Invoking AWS Lambdas On The Browser Client

You may want to execute an AWS Lambda on the browser client for any number of reasons. You may need to get a temporary STS token to scope AWS resources or you may want to run a function in a secure way.

To execute an AWS Lambda on the browser client you are going to need to do the following :

  • Create a Cognito Federated User pool
  • Create a policy that has the permission to execute that Lambda
  • Write a little bit of code

Lets Get Started

For this example, I'm just going to use a Lambda that returns a mouse "squeek". Nothing earth-shattering in this code.

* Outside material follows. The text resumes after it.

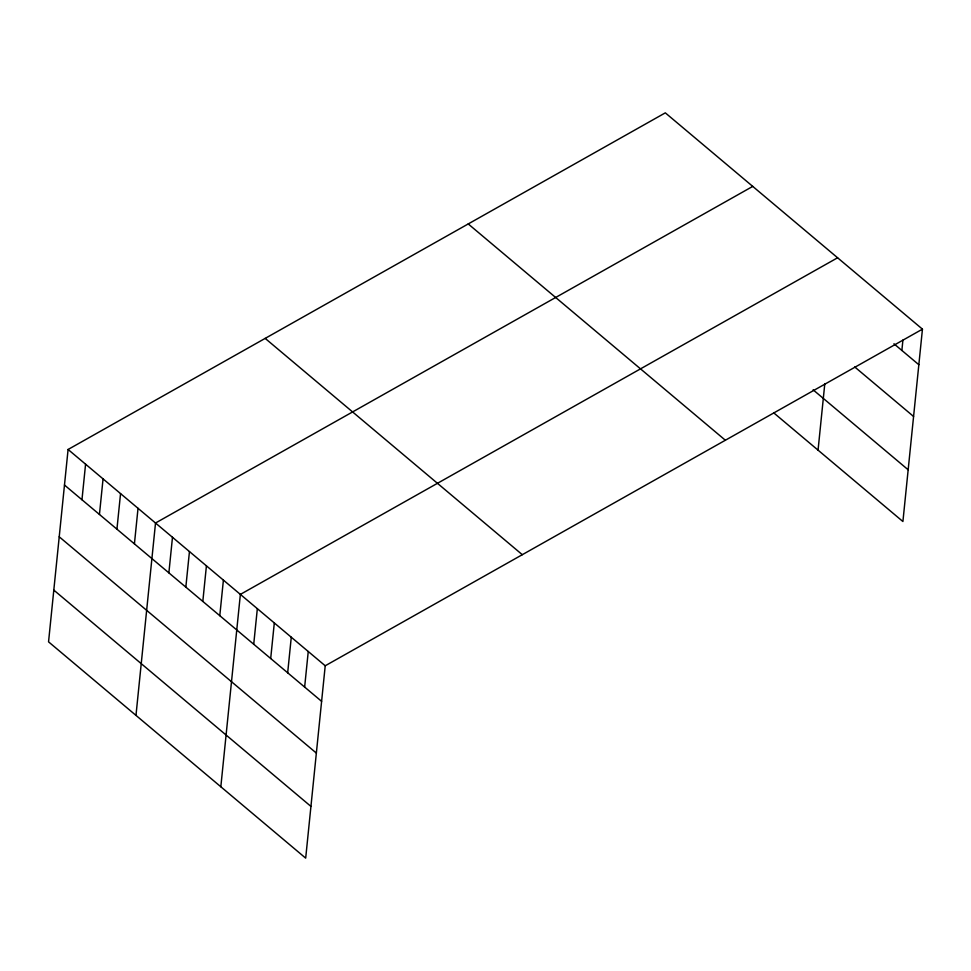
<?xml version="1.0" encoding="UTF-8"?>
<svg xmlns="http://www.w3.org/2000/svg" width="971" height="971" viewBox="0 0 971 971"><rect width="100%" height="100%" fill="white"/><g stroke="black" fill="none" stroke-linecap="round" stroke-linejoin="round"><path stroke-width="1.46" d="M68.091 449.476L48.55 641.843L305.683 858.146L325.224 665.778L922.45 329.157L665.317 112.854L68.091 449.476L325.224 665.778M81.965 499.749L85.582 464.187M99.443 514.46L103.06 478.885M116.933 529.171L120.55 493.596M134.423 543.869L138.028 508.306M135.976 715.384L155.518 523.017L752.743 186.396M168.869 572.854L172.486 537.291M185.837 587.139L189.454 551.564M202.818 601.413L206.422 565.838M219.786 615.687L223.403 580.124M220.83 786.765L240.371 594.398L837.597 257.776M253.722 644.234L257.339 608.671M270.691 658.508L274.308 622.945M287.671 672.794L291.276 637.219M304.639 687.067L308.256 651.492M818.055 450.143L824.816 383.594M901.865 350.446L902.921 340.068M922.45 329.157L902.909 521.524L773.936 413.027M893.951 343.783L918.833 364.72M854.747 366.977L913.577 416.462M813.128 389.832L908.164 469.782M468.228 223.937L725.361 440.239M265.18 338.394L522.301 554.684M64.474 485.039L321.607 701.341M59.219 536.793L316.352 753.083M53.806 590.101L310.938 806.403"/></g></svg>

Create Cognito Federated User Pool

To invoke that Lambda on the browser client, we are going to need to obtain temporary credentials from AWS Cognito service. Those credentials are going to be bound to an IAM policy that will allow us to invoke a Lambda function on the client.

Navigate to create AWS Federated Pool service and give that user pool a good name. I named mine lambda.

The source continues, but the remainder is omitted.